JIS 0208 is frozen in development, in two versions (with different glyph forms): as JIS X 0208:1997 (the 1990 forms) and as JIS X 0208 (2004 forms). It has basically never revised its contents since 1997, and only once, in 2004, corrected the particular forms of the glyphs in it.
人名用, however, are in constant development.
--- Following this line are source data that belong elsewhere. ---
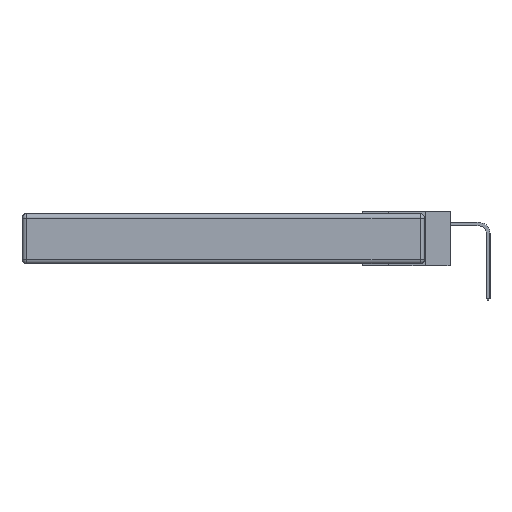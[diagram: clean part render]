
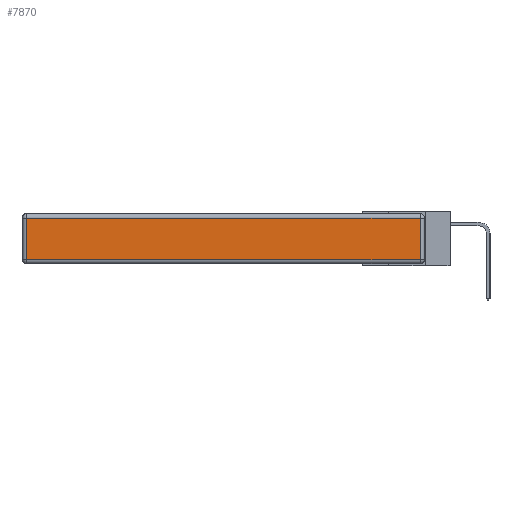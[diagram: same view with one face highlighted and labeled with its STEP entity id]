
A CAD part, left-side view. The second image highlights one B-rep face of the part: STEP entity #7870.
In plain terms, the highlighted planar face has unit normal (-1, 0, 0).
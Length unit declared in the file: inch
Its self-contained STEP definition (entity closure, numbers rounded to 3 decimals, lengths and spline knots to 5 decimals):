
#956 = VECTOR ( 'NONE', #12229, 39.37008 ) ;
#3264 = AXIS2_PLACEMENT_3D ( 'NONE', #3425, #10916, #8335 ) ;
#3312 = PLANE ( 'NONE',  #3264 ) ;
#3425 = CARTESIAN_POINT ( 'NONE',  ( 0., 0., -0.343 ) ) ;
#4411 = CARTESIAN_POINT ( 'NONE',  ( 0., 2.72, -0.03 ) ) ;
#5240 = DIRECTION ( 'NONE',  ( 0., 0., -1. ) ) ;
#5314 = LINE ( 'NONE', #24860, #31729 ) ;
#6458 = ORIENTED_EDGE ( 'NONE', *, *, #26050, .T. ) ;
#7370 = CARTESIAN_POINT ( 'NONE',  ( 0., 2.75, -0.03 ) ) ;
#7870 = ADVANCED_FACE ( 'NONE', ( #29804 ), #3312, .T. ) ;
#8335 = DIRECTION ( 'NONE',  ( 0., 0., 1. ) ) ;
#8623 = LINE ( 'NONE', #7370, #16693 ) ;
#8776 = VERTEX_POINT ( 'NONE', #24275 ) ;
#10916 = DIRECTION ( 'NONE',  ( -1., 0., 0. ) ) ;
#11237 = LINE ( 'NONE', #15755, #22353 ) ;
#12127 = CARTESIAN_POINT ( 'NONE',  ( 0., 0., -0.313 ) ) ;
#12229 = DIRECTION ( 'NONE',  ( 0., -1., 0. ) ) ;
#12957 = VERTEX_POINT ( 'NONE', #16671 ) ;
#13455 = VERTEX_POINT ( 'NONE', #13497 ) ;
#13497 = CARTESIAN_POINT ( 'NONE',  ( 0., 0.03, -0.313 ) ) ;
#15755 = CARTESIAN_POINT ( 'NONE',  ( 0., 0.03, -0.343 ) ) ;
#16356 = VERTEX_POINT ( 'NONE', #4411 ) ;
#16671 = CARTESIAN_POINT ( 'NONE',  ( 0., 0.03, -0.03 ) ) ;
#16693 = VECTOR ( 'NONE', #22162, 39.37008 ) ;
#20023 = ORIENTED_EDGE ( 'NONE', *, *, #26018, .T. ) ;
#20680 = DIRECTION ( 'NONE',  ( 0., 0., 1. ) ) ;
#21507 = ORIENTED_EDGE ( 'NONE', *, *, #23177, .T. ) ;
#22162 = DIRECTION ( 'NONE',  ( 0., 1., 0. ) ) ;
#22353 = VECTOR ( 'NONE', #20680, 39.37008 ) ;
#23177 = EDGE_CURVE ( 'NONE', #16356, #8776, #5314, .T. ) ;
#24275 = CARTESIAN_POINT ( 'NONE',  ( 0., 2.72, -0.313 ) ) ;
#24860 = CARTESIAN_POINT ( 'NONE',  ( 0., 2.72, -0.343 ) ) ;
#25427 = EDGE_LOOP ( 'NONE', ( #20023, #31093, #6458, #21507 ) ) ;
#25518 = LINE ( 'NONE', #12127, #956 ) ;
#26018 = EDGE_CURVE ( 'NONE', #8776, #13455, #25518, .T. ) ;
#26050 = EDGE_CURVE ( 'NONE', #12957, #16356, #8623, .T. ) ;
#27033 = EDGE_CURVE ( 'NONE', #13455, #12957, #11237, .T. ) ;
#29804 = FACE_OUTER_BOUND ( 'NONE', #25427, .T. ) ;
#31093 = ORIENTED_EDGE ( 'NONE', *, *, #27033, .T. ) ;
#31729 = VECTOR ( 'NONE', #5240, 39.37008 ) ;
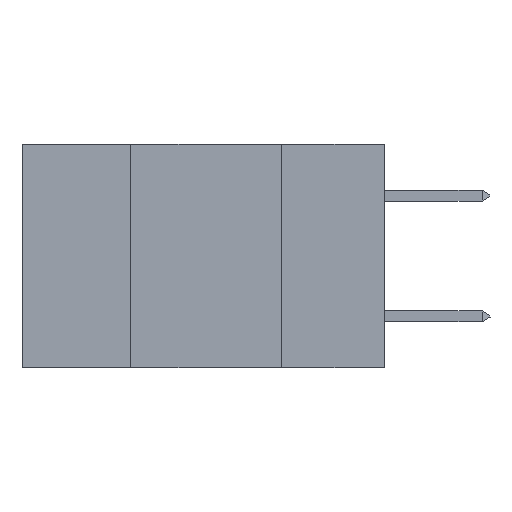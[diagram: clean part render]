
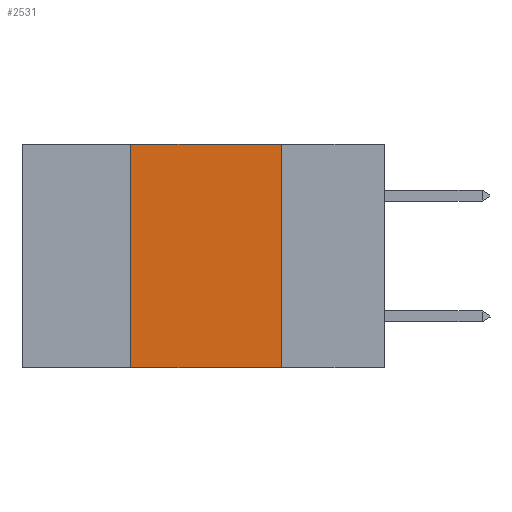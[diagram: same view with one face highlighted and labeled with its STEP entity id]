
A CAD part, left-side view. The second image highlights one B-rep face of the part: STEP entity #2531.
In plain terms, the highlighted planar face has unit normal (-1, 0, 0).
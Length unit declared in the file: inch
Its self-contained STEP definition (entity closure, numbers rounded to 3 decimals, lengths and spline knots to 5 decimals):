
#283 = EDGE_CURVE ( 'NONE', #3781, #16923, #5746, .T. ) ;
#325 = ORIENTED_EDGE ( 'NONE', *, *, #283, .T. ) ;
#2531 = ADVANCED_FACE ( 'NONE', ( #15729 ), #18992, .F. ) ;
#3781 = VERTEX_POINT ( 'NONE', #30359 ) ;
#4158 = VECTOR ( 'NONE', #22960, 39.37008 ) ;
#4336 = CARTESIAN_POINT ( 'NONE',  ( 0., 0.6, -0.37 ) ) ;
#5746 = LINE ( 'NONE', #4336, #34345 ) ;
#5901 = ORIENTED_EDGE ( 'NONE', *, *, #30614, .F. ) ;
#7880 = DIRECTION ( 'NONE',  ( 0., -1., 0. ) ) ;
#7899 = CARTESIAN_POINT ( 'NONE',  ( 0., 0.6, 0. ) ) ;
#8379 = CARTESIAN_POINT ( 'NONE',  ( 0., 0.42, 0. ) ) ;
#10605 = LINE ( 'NONE', #8379, #25730 ) ;
#10805 = DIRECTION ( 'NONE',  ( 0., 0., 1. ) ) ;
#10967 = CARTESIAN_POINT ( 'NONE',  ( 0., 0.42, 0. ) ) ;
#11499 = VERTEX_POINT ( 'NONE', #11997 ) ;
#11997 = CARTESIAN_POINT ( 'NONE',  ( 0., 0.17, 0. ) ) ;
#13038 = EDGE_LOOP ( 'NONE', ( #23799, #5901, #31799, #325 ) ) ;
#13783 = LINE ( 'NONE', #30241, #25050 ) ;
#15729 = FACE_OUTER_BOUND ( 'NONE', #13038, .T. ) ;
#16923 = VERTEX_POINT ( 'NONE', #24868 ) ;
#17474 = CARTESIAN_POINT ( 'NONE',  ( 0., 0.17, 0. ) ) ;
#18992 = PLANE ( 'NONE',  #21842 ) ;
#21842 = AXIS2_PLACEMENT_3D ( 'NONE', #7899, #35272, #27278 ) ;
#22960 = DIRECTION ( 'NONE',  ( 0., 0., -1. ) ) ;
#23799 = ORIENTED_EDGE ( 'NONE', *, *, #26300, .F. ) ;
#24868 = CARTESIAN_POINT ( 'NONE',  ( 0., 0.17, -0.37 ) ) ;
#25050 = VECTOR ( 'NONE', #7880, 39.37008 ) ;
#25730 = VECTOR ( 'NONE', #10805, 39.37008 ) ;
#26300 = EDGE_CURVE ( 'NONE', #11499, #16923, #32792, .T. ) ;
#27057 = DIRECTION ( 'NONE',  ( 0., -1., 0. ) ) ;
#27278 = DIRECTION ( 'NONE',  ( 0., 0., -1. ) ) ;
#27510 = EDGE_CURVE ( 'NONE', #3781, #28099, #10605, .T. ) ;
#28099 = VERTEX_POINT ( 'NONE', #10967 ) ;
#30241 = CARTESIAN_POINT ( 'NONE',  ( 0., 0.6, 0. ) ) ;
#30359 = CARTESIAN_POINT ( 'NONE',  ( 0., 0.42, -0.37 ) ) ;
#30614 = EDGE_CURVE ( 'NONE', #28099, #11499, #13783, .T. ) ;
#31799 = ORIENTED_EDGE ( 'NONE', *, *, #27510, .F. ) ;
#32792 = LINE ( 'NONE', #17474, #4158 ) ;
#34345 = VECTOR ( 'NONE', #27057, 39.37008 ) ;
#35272 = DIRECTION ( 'NONE',  ( 1., 0., 0. ) ) ;

Especially important was the case of 2004, when "484 characters and variant forms of 209 jōyō kanji were added, bringing the total number of the jinmeiyō kanji to 983". Of course, these included many characters that were not incorporated to 0208 years before.
As for the particular characters mentioned:
俠 was JIS 0208:22-02 in 1978, but since the 1982 revisions, its place in 0208 was taken by 侠.
焰 was JIS 0208:17-75 in 1978, but since the 1982 revisions, its place in 0208 was taken by 焔.
禱 was JIS 0208:37-88 in 1978, but since the 1982 revisions, its place in 0208 was taken by 祷.
etc.
I think the pattern in clear: these particular characters represent the reversal of the trend to extended shinjitai. Originally, when 0208 was being compiled in 1978, the characters outside the, back then, Tōyō kanji list were included unsimplified. However, the 1982 revision wholesale replaced parts of characters even outside the list by analogy with tōyō. However, to 2004 the policy was reversed, and now even adding the character to Jōyō is not considered enough reason to simplify. Hence, the newly appended name-allowed characters appeared in jinmeiyō in their unsimplified forms - which were thus not in 0208, from which the unsimplified forms were cut in 1982.
Further reading:
- Lunde, Ken - CJKV Information Processing: Chinese, Japanese, Korean & Vietnamese Computing - O'Reilly Media (2009)
- Lunde, Ken - Prescriptive Kanji Simplification - PhD Wisconsin-Madison (1995), on the specific matter of 1982 0208 replacements.
Note that the extended shinjitai matter does not explain all of the entries mentioned: for example, 吞 was explicitly added to jinmeiyō without any 0208 precedence. In fact, this character was only added to Adobe-Japan1-4 standard and thus is not even covered by simplest of Japanese fonts.